When we tested the model with real-world scale object point cloud in ycb dataset, the segmentation results from OpenAD are all 'none'. So we checked the object scale in the training dataset and found the object models used for training were all normalized. After normalizing the ycb objects, we found the OpenAD can predict affordance labels other than 'none', but the performance severely depends on the scaling factors. However, the scaling factor varies between instances, which makes it hard for us to apply OpenAD to other dataset. In this case, may I ask if you have any idea how to normalize a real-world object to a desired size for OpenAD model?
When we tested OpenAD on round objects, such as ball and apple and predict between 'grasp' and 'none' label, we found that only part of objects are labeled as 'grasp'. May I ask if it is hard for OpenAD to generalize to novel object categories?

toannguyen1904 commented 10 months ago

Hi @Trav1slaflame. Thank you very much for your interest in our work.

For your first issue, have you tried the pc_normalize function defined in AffordanceNet.py. I believe that objects in the AffordanceNet dataset are normalized using that function, in which you do not need to manually choose the scaling factor. I hope this function would help with the performance on novel real-world objects.

Regarding the second issue, I would say that due to the current limited number of object categories in the training dataset, our OpenAD may exhibit modest performance in generalizing to novel object categories whose appearances significantly differ from the categories in the training dataset. However, if you select a category that shares similar characteristics with those in the training data, our method will likely yield reasonable detection results.

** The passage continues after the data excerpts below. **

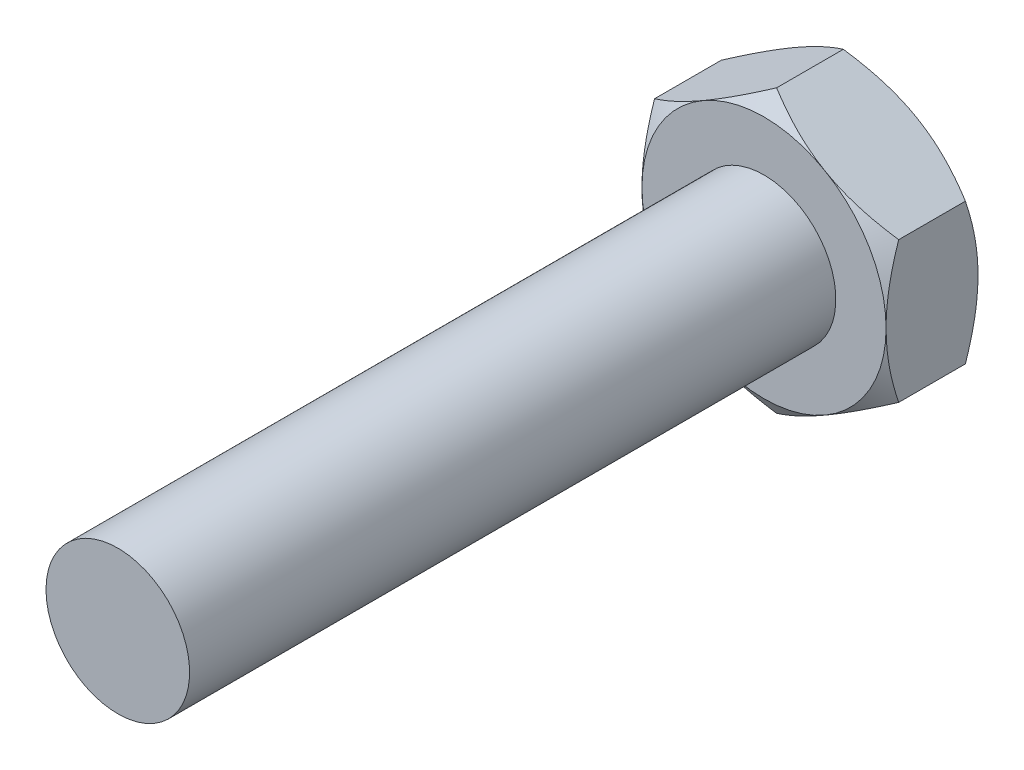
ISO-10303-21;
HEADER;
FILE_DESCRIPTION(('STEP AP214'),'2;1');
FILE_NAME('part.step','',(''),(''),'','','');
FILE_SCHEMA(('AUTOMOTIVE_DESIGN { 1 0 10303 214 1 1 1 1 }'));
ENDSEC;
DATA;
#1=APPLICATION_CONTEXT('core data for automotive mechanical design processes');
#2=APPLICATION_PROTOCOL_DEFINITION('international standard','automotive_design',2000,#1);
#3=PRODUCT_CONTEXT('',#1,'mechanical');
#4=PRODUCT('Part','Part','',(#3));
#5=PRODUCT_RELATED_PRODUCT_CATEGORY('part','',(#4));
#6=PRODUCT_DEFINITION_FORMATION('','',#4);
#7=PRODUCT_DEFINITION_CONTEXT('part definition',#1,'design');
#8=PRODUCT_DEFINITION('design','',#6,#7);
#9=PRODUCT_DEFINITION_SHAPE('','',#8);
#10=(LENGTH_UNIT() NAMED_UNIT(*) SI_UNIT(.MILLI.,.METRE.));
#11=(NAMED_UNIT(*) PLANE_ANGLE_UNIT() SI_UNIT($,.RADIAN.));
#12=(NAMED_UNIT(*) SI_UNIT($,.STERADIAN.) SOLID_ANGLE_UNIT());
#13=UNCERTAINTY_MEASURE_WITH_UNIT(LENGTH_MEASURE(1.E-05),#10,'distance_accuracy_value','');
#14=(GEOMETRIC_REPRESENTATION_CONTEXT(3) GLOBAL_UNCERTAINTY_ASSIGNED_CONTEXT((#13)) GLOBAL_UNIT_ASSIGNED_CONTEXT((#10,
#11,#12)) REPRESENTATION_CONTEXT('',''));
#15=CARTESIAN_POINT('',(0.,0.,0.));
#16=DIRECTION('',(0.,0.,1.));
#17=DIRECTION('',(1.,0.,0.));
#18=AXIS2_PLACEMENT_3D('',#15,#16,#17);
#19=CARTESIAN_POINT('',(8.5,-4.90747728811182,6.4));
#20=DIRECTION('',(-1.,0.,0.));
#21=DIRECTION('',(0.,-1.,0.));
#22=AXIS2_PLACEMENT_3D('',#19,#20,#21);
#23=PLANE('',#22);
#24=DIRECTION('',(0.,0.,-1.));
#25=VECTOR('',#24,1.);
#26=CARTESIAN_POINT('',(8.5,4.90747728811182,6.4));
#27=LINE('',#26,#25);
#28=CARTESIAN_POINT('',(8.5,4.90747728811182,5.52336361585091));
#29=VERTEX_POINT('',#28);
#30=CARTESIAN_POINT('',(8.5,4.90747728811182,0.876636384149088));
#31=VERTEX_POINT('',#30);
#32=EDGE_CURVE('E151',#29,#31,#27,.T.);
#33=ORIENTED_EDGE('',*,*,#32,.F.);
#34=CARTESIAN_POINT('',(8.5,-12.6656336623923,1.89768821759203));
#35=CARTESIAN_POINT('',(8.5,-12.319403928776,2.08929758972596));
#36=CARTESIAN_POINT('',(8.5,-11.9721686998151,2.2791205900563));
#37=CARTESIAN_POINT('',(8.5,-11.2751753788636,2.6542242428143));
#38=CARTESIAN_POINT('',(8.5,-10.9254168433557,2.83950407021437));
#39=CARTESIAN_POINT('',(8.5,-10.2208088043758,3.20561506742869));
#40=CARTESIAN_POINT('',(8.5,-9.86594117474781,3.38641147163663));
#41=CARTESIAN_POINT('',(8.5,-9.15270039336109,3.74092648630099));
#42=CARTESIAN_POINT('',(8.5,-8.79432743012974,3.91464547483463));
#43=CARTESIAN_POINT('',(8.5,-8.05883660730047,4.26000470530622));
#44=CARTESIAN_POINT('',(8.5,-7.68154571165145,4.43127847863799));
#45=CARTESIAN_POINT('',(8.5,-6.92149272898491,4.76145049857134));
#46=CARTESIAN_POINT('',(8.5,-6.53872993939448,4.92034713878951));
#47=CARTESIAN_POINT('',(8.5,-5.76773338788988,5.22173433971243));
#48=CARTESIAN_POINT('',(8.5,-5.3795140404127,5.36426137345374));
#49=CARTESIAN_POINT('',(8.5,-4.59615946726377,5.62856525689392));
#50=CARTESIAN_POINT('',(8.5,-4.2010267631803,5.75034950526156));
#51=CARTESIAN_POINT('',(8.5,-3.38121064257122,5.97349001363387));
#52=CARTESIAN_POINT('',(8.5,-2.95610376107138,6.07333860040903));
#53=CARTESIAN_POINT('',(8.5,-2.31325326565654,6.19549883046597));
#54=CARTESIAN_POINT('',(8.5,-2.09809788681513,6.23161750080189));
#55=CARTESIAN_POINT('',(8.5,-1.66635562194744,6.2938428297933));
#56=CARTESIAN_POINT('',(8.5,-1.44976894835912,6.31995094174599));
#57=CARTESIAN_POINT('',(8.5,-1.01914984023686,6.36115218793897));
#58=CARTESIAN_POINT('',(8.5,-0.805134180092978,6.37641985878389));
#59=CARTESIAN_POINT('',(8.5,-0.376605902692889,6.39623059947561));
#60=CARTESIAN_POINT('',(8.5,-0.162093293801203,6.40077384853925));
#61=CARTESIAN_POINT('',(8.5,0.26690788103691,6.3990107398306));
#62=CARTESIAN_POINT('',(8.5,0.481396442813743,6.39270335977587));
#63=CARTESIAN_POINT('',(8.5,0.909791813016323,6.36941085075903));
#64=CARTESIAN_POINT('',(8.5,1.12369860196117,6.35242536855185));
#65=CARTESIAN_POINT('',(8.5,1.58753059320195,6.30437286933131));
#66=CARTESIAN_POINT('',(8.5,1.83725645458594,6.27137198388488));
#67=CARTESIAN_POINT('',(8.5,2.33461795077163,6.19235151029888));
#68=CARTESIAN_POINT('',(8.5,2.5822534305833,6.14633096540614));
#69=CARTESIAN_POINT('',(8.5,3.32164787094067,5.99068136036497));
#70=CARTESIAN_POINT('',(8.5,3.80976459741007,5.86347907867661));
#71=CARTESIAN_POINT('',(8.5,4.53943756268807,5.64421539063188));
#72=CARTESIAN_POINT('',(8.5,4.78514623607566,5.56526942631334));
#73=CARTESIAN_POINT('',(8.5,5.27386228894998,5.39935263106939));
#74=CARTESIAN_POINT('',(8.5,5.51686965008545,5.31238174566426));
#75=CARTESIAN_POINT('',(8.5,6.00025315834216,5.13163510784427));
#76=CARTESIAN_POINT('',(8.5,6.24062992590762,5.03786100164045));
#77=CARTESIAN_POINT('',(8.5,6.71902382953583,4.84450549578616));
#78=CARTESIAN_POINT('',(8.5,6.95704100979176,4.74492420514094));
#79=CARTESIAN_POINT('',(8.5,7.57277253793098,4.47974433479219));
#80=CARTESIAN_POINT('',(8.5,7.94883245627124,4.3103064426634));
#81=CARTESIAN_POINT('',(8.5,8.69639823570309,3.96163134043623));
#82=CARTESIAN_POINT('',(8.5,9.06790358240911,3.78239303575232));
#83=CARTESIAN_POINT('',(8.5,9.80724128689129,3.41614910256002));
#84=CARTESIAN_POINT('',(8.5,10.1750720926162,3.22914035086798));
#85=CARTESIAN_POINT('',(8.5,10.907535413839,2.849014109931));
#86=CARTESIAN_POINT('',(8.5,11.2721680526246,2.65589685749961));
#87=CARTESIAN_POINT('',(8.5,11.9994706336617,2.26437185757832));
#88=CARTESIAN_POINT('',(8.5,12.3621355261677,2.06595474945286));
#89=CARTESIAN_POINT('',(8.5,13.0852384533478,1.6651037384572));
#90=CARTESIAN_POINT('',(8.5,13.4456764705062,1.46266980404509));
#91=CARTESIAN_POINT('',(8.5,14.1645936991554,1.05454794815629));
#92=CARTESIAN_POINT('',(8.5,14.5230733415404,0.848860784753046));
#93=CARTESIAN_POINT('',(8.5,15.2384446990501,0.434741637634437));
#94=CARTESIAN_POINT('',(8.5,15.5953364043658,0.226309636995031));
#95=CARTESIAN_POINT('',(8.5,16.5902267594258,-0.359025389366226));
#96=CARTESIAN_POINT('',(8.5,17.2267327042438,-0.738465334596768));
#97=CARTESIAN_POINT('',(8.5,18.4964831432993,-1.5028368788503));
#98=CARTESIAN_POINT('',(8.49999999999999,19.12972743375,-1.88776881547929));
#99=CARTESIAN_POINT('',(8.49999999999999,20.3910331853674,-2.66021595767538));
#100=CARTESIAN_POINT('',(8.49999999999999,21.0191052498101,-3.04771386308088));
#101=CARTESIAN_POINT('',(8.49999999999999,21.959673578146,-3.63137569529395));
#102=CARTESIAN_POINT('',(8.49999999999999,22.272925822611,-3.82632340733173));
#103=CARTESIAN_POINT('',(8.49999999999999,22.898976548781,-4.21694458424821));
#104=CARTESIAN_POINT('',(8.49999999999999,23.2117750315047,-4.41261804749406));
#105=CARTESIAN_POINT('',(8.49999999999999,23.5243723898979,-4.60861239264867));
#106=B_SPLINE_CURVE_WITH_KNOTS('',3,(#34,#35,#36,#37,#38,#39,#40,#41,#42,#43,#44,#45,#46,#47,
#48,#49,#50,#51,#52,#53,#54,#55,#56,#57,#58,#59,#60,#61,#62,#63,#64,#65,#66,#67,#68,#69,#70,#71,
#72,#73,#74,#75,#76,#77,#78,#79,#80,#81,#82,#83,#84,#85,#86,#87,#88,#89,#90,#91,#92,#93,#94,#95,
#96,#97,#98,#99,#100,#101,#102,#103,#104,#105),.UNSPECIFIED.,.F.,.F.,(4,2,2,2,2,2,2,2,2,2,2,2,2,
2,2,2,2,2,2,2,2,2,2,2,2,2,2,2,2,2,2,2,2,2,2,4),(0.,1.18715725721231,2.37452852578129,
3.56927236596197,4.76395229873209,6.0068194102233,7.2498475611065,8.49005007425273,
9.72980929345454,11.0383310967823,11.6926331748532,12.3468402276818,12.9902594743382,
13.6336679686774,14.2771370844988,14.9206274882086,15.675922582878,16.431273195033,
17.9423659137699,18.7165255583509,19.4906904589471,20.2646686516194,21.0386323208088,
22.2758393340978,23.5131848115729,24.7510325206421,25.988832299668,27.22898548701,
28.4691484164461,29.7090264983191,30.9489122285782,33.171938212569,35.3951014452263,
37.6090577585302,38.7159374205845,39.8228145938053),.UNSPECIFIED.);
#107=CARTESIAN_POINT('',(8.50000000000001,0.,6.4));
#108=VERTEX_POINT('',#107);
#109=EDGE_CURVE('E133',#29,#108,#106,.F.);
#110=ORIENTED_EDGE('',*,*,#109,.T.);
#111=CARTESIAN_POINT('',(8.5,-4.90747728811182,5.52336361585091));
#112=VERTEX_POINT('',#111);
#113=EDGE_CURVE('E123',#108,#112,#106,.F.);
#114=ORIENTED_EDGE('',*,*,#113,.T.);
#115=DIRECTION('',(0.,0.,-1.));
#116=VECTOR('',#115,1.);
#117=CARTESIAN_POINT('',(8.5,-4.90747728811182,6.4));
#118=LINE('',#117,#116);
#119=CARTESIAN_POINT('',(8.5,-4.90747728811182,0.876636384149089));
#120=VERTEX_POINT('',#119);
#121=EDGE_CURVE('E241',#112,#120,#118,.T.);
#122=ORIENTED_EDGE('',*,*,#121,.T.);
#123=CARTESIAN_POINT('',(8.5,-12.6656336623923,4.50231178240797));
#124=CARTESIAN_POINT('',(8.5,-12.319403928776,4.31070241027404));
#125=CARTESIAN_POINT('',(8.5,-11.9721686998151,4.12087940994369));
#126=CARTESIAN_POINT('',(8.5,-11.2751753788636,3.7457757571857));
#127=CARTESIAN_POINT('',(8.5,-10.9254168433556,3.56049592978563));
#128=CARTESIAN_POINT('',(8.5,-10.2208088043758,3.19438493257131));
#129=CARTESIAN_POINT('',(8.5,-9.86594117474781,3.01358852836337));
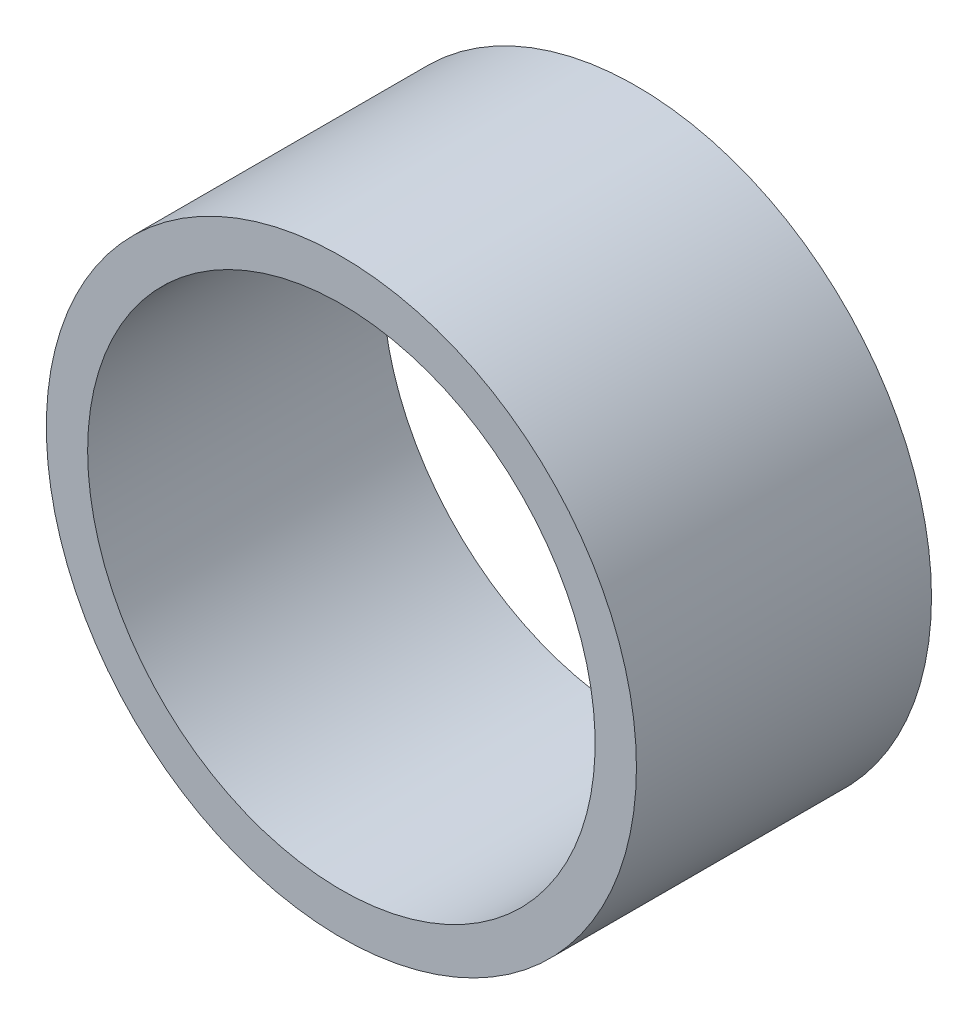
ISO-10303-21;
HEADER;
FILE_DESCRIPTION(('STEP AP214'),'2;1');
FILE_NAME('part.step','',(''),(''),'','','');
FILE_SCHEMA(('AUTOMOTIVE_DESIGN { 1 0 10303 214 1 1 1 1 }'));
ENDSEC;
DATA;
#1=APPLICATION_CONTEXT('core data for automotive mechanical design processes');
#2=APPLICATION_PROTOCOL_DEFINITION('international standard','automotive_design',2000,#1);
#3=PRODUCT_CONTEXT('',#1,'mechanical');
#4=PRODUCT('Part','Part','',(#3));
#5=PRODUCT_RELATED_PRODUCT_CATEGORY('part','',(#4));
#6=PRODUCT_DEFINITION_FORMATION('','',#4);
#7=PRODUCT_DEFINITION_CONTEXT('part definition',#1,'design');
#8=PRODUCT_DEFINITION('design','',#6,#7);
#9=PRODUCT_DEFINITION_SHAPE('','',#8);
#10=(LENGTH_UNIT() NAMED_UNIT(*) SI_UNIT(.MILLI.,.METRE.));
#11=(NAMED_UNIT(*) PLANE_ANGLE_UNIT() SI_UNIT($,.RADIAN.));
#12=(NAMED_UNIT(*) SI_UNIT($,.STERADIAN.) SOLID_ANGLE_UNIT());
#13=UNCERTAINTY_MEASURE_WITH_UNIT(LENGTH_MEASURE(1.E-05),#10,'distance_accuracy_value','');
#14=(GEOMETRIC_REPRESENTATION_CONTEXT(3) GLOBAL_UNCERTAINTY_ASSIGNED_CONTEXT((#13)) GLOBAL_UNIT_ASSIGNED_CONTEXT((#10,
#11,#12)) REPRESENTATION_CONTEXT('',''));
#15=CARTESIAN_POINT('',(0.,0.,0.));
#16=DIRECTION('',(0.,0.,1.));
#17=DIRECTION('',(1.,0.,0.));
#18=AXIS2_PLACEMENT_3D('',#15,#16,#17);
#19=CARTESIAN_POINT('',(0.,0.,6.35));
#20=DIRECTION('',(0.,0.,-1.));
#21=DIRECTION('',(-1.,0.,0.));
#22=AXIS2_PLACEMENT_3D('',#19,#20,#21);
#23=CYLINDRICAL_SURFACE('',#22,6.35);
#24=CARTESIAN_POINT('',(0.,0.,6.35));
#25=DIRECTION('',(0.,0.,1.));
#26=DIRECTION('',(1.,0.,0.));
#27=AXIS2_PLACEMENT_3D('',#24,#25,#26);
#28=CIRCLE('',#27,6.35);
#29=CARTESIAN_POINT('',(6.35,0.,6.35));
#30=VERTEX_POINT('',#29);
#31=EDGE_CURVE('E10',#30,#30,#28,.T.);
#32=ORIENTED_EDGE('',*,*,#31,.F.);
#33=EDGE_LOOP('',(#32));
#34=FACE_BOUND('',#33,.T.);
#35=CARTESIAN_POINT('',(0.,0.,0.));
#36=DIRECTION('',(0.,0.,1.));
#37=DIRECTION('',(1.,0.,0.));
#38=AXIS2_PLACEMENT_3D('',#35,#36,#37);
#39=CIRCLE('',#38,6.35);
#40=CARTESIAN_POINT('',(6.35,0.,0.));
#41=VERTEX_POINT('',#40);
#42=EDGE_CURVE('E32',#41,#41,#39,.T.);
#43=ORIENTED_EDGE('',*,*,#42,.T.);
#44=EDGE_LOOP('',(#43));
#45=FACE_BOUND('',#44,.T.);
#46=ADVANCED_FACE('F29',(#34,#45),#23,.T.);
#47=CARTESIAN_POINT('',(0.,0.,6.35));
#48=DIRECTION('',(0.,0.,1.));
#49=DIRECTION('',(1.,0.,0.));
#50=AXIS2_PLACEMENT_3D('',#47,#48,#49);
#51=PLANE('',#50);
#52=CARTESIAN_POINT('',(0.,0.,6.35));
#53=DIRECTION('',(0.,0.,-1.));
#54=DIRECTION('',(-1.,0.,0.));
#55=AXIS2_PLACEMENT_3D('',#52,#53,#54);
#56=CIRCLE('',#55,5.461);
#57=CARTESIAN_POINT('',(-5.461,0.,6.35));
#58=VERTEX_POINT('',#57);
#59=EDGE_CURVE('E39',#58,#58,#56,.T.);
#60=ORIENTED_EDGE('',*,*,#59,.T.);
#61=EDGE_LOOP('',(#60));
#62=FACE_BOUND('',#61,.T.);
#63=ORIENTED_EDGE('',*,*,#31,.T.);
#64=EDGE_LOOP('',(#63));
#65=FACE_BOUND('',#64,.T.);
#66=ADVANCED_FACE('F47',(#62,#65),#51,.T.);
#67=CARTESIAN_POINT('',(0.,0.,0.));
#68=DIRECTION('',(0.,0.,1.));
#69=DIRECTION('',(1.,0.,0.));
#70=AXIS2_PLACEMENT_3D('',#67,#68,#69);
#71=PLANE('',#70);
#72=CARTESIAN_POINT('',(0.,0.,0.));
#73=DIRECTION('',(0.,0.,-1.));
#74=DIRECTION('',(-1.,0.,0.));
#75=AXIS2_PLACEMENT_3D('',#72,#73,#74);
#76=CIRCLE('',#75,5.461);
#77=CARTESIAN_POINT('',(-5.461,0.,0.));
#78=VERTEX_POINT('',#77);
#79=EDGE_CURVE('E41',#78,#78,#76,.T.);
#80=ORIENTED_EDGE('',*,*,#79,.F.);
#81=EDGE_LOOP('',(#80));
#82=FACE_BOUND('',#81,.T.);
#83=ORIENTED_EDGE('',*,*,#42,.F.);
#84=EDGE_LOOP('',(#83));
#85=FACE_BOUND('',#84,.T.);
#86=ADVANCED_FACE('F52',(#82,#85),#71,.F.);
#87=CARTESIAN_POINT('',(0.,0.,6.35));
#88=DIRECTION('',(0.,0.,-1.));
#89=DIRECTION('',(-1.,0.,0.));
#90=AXIS2_PLACEMENT_3D('',#87,#88,#89);
#91=CYLINDRICAL_SURFACE('',#90,5.461);
#92=ORIENTED_EDGE('',*,*,#59,.F.);
#93=EDGE_LOOP('',(#92));
#94=FACE_BOUND('',#93,.T.);
#95=ORIENTED_EDGE('',*,*,#79,.T.);
#96=EDGE_LOOP('',(#95));
#97=FACE_BOUND('',#96,.T.);
#98=ADVANCED_FACE('F49',(#94,#97),#91,.F.);
#99=CLOSED_SHELL('',(#46,#66,#86,#98));
#100=MANIFOLD_SOLID_BREP('B2',#99);
#101=ADVANCED_BREP_SHAPE_REPRESENTATION('',(#18,#100),#14);
#102=SHAPE_DEFINITION_REPRESENTATION(#9,#101);
ENDSEC;
END-ISO-10303-21;

Please let me know if you have any further question.

Best regards, Toan.

Trav1slaflame commented 10 months ago

Hi @toannguyen1904. Thanks for your reply and your time.

I have tried the pc_normalize function defined in AffordanceNet.py for instance Mug (mug-1) from contactdb dataset, and compare the infer result from openad model with the other Mug (mug-2) from your training dataset's val split: full_shape_val_data.pkl: mug-1: red part stands for class 'grasp', deep blue part stands for class 'none' mug_2 Fig.1. random sample 2048 points from object mesh model mug_3 Fig.2. using the same farthest_point_sample function as 3D AffordanceNet used to sample 2048 points from object mesh model mug-2: red part stands for class 'grasp', deep blue part stands for class 'wrap-grasp', and light green part stands for class 'contain' mug_1 Fig.3. Mug point cloud from full_shape_val_data.pkl. Shape ID: c34718bd10e378186c6c61abcbd83e5a

And I also keep the same scale between mug-1 and mug-2: mug-1: Fig.1. OrientedBoundingBox: center: (0.149582, 0.0641993, 0.0535746), extent: 1.53188, 1.23199, 1.59249) Fig.2. OrientedBoundingBox: center: (0.0672095, -0.0767971, 0.0501214), extent: 1.51851, 1.4498, 1.22958) mug-2: OrientedBoundingBox: center: (0.0420405, 0.0928881, 0.167135), extent: 1.64985, 1.37659, 1.23699)

For mug-1 and mug-2, I used the same val_affordance labels = ['grasp', 'contain', 'pour', 'wrap_grasp', 'none'] for testing.

As I selected a category (Mug) that shares similar characteristics with those in the training data, the openad model will likely yield reasonable detection results. However, for mug-1, I don't think I got a satisfactory result. May I ask are there any details I overlooked?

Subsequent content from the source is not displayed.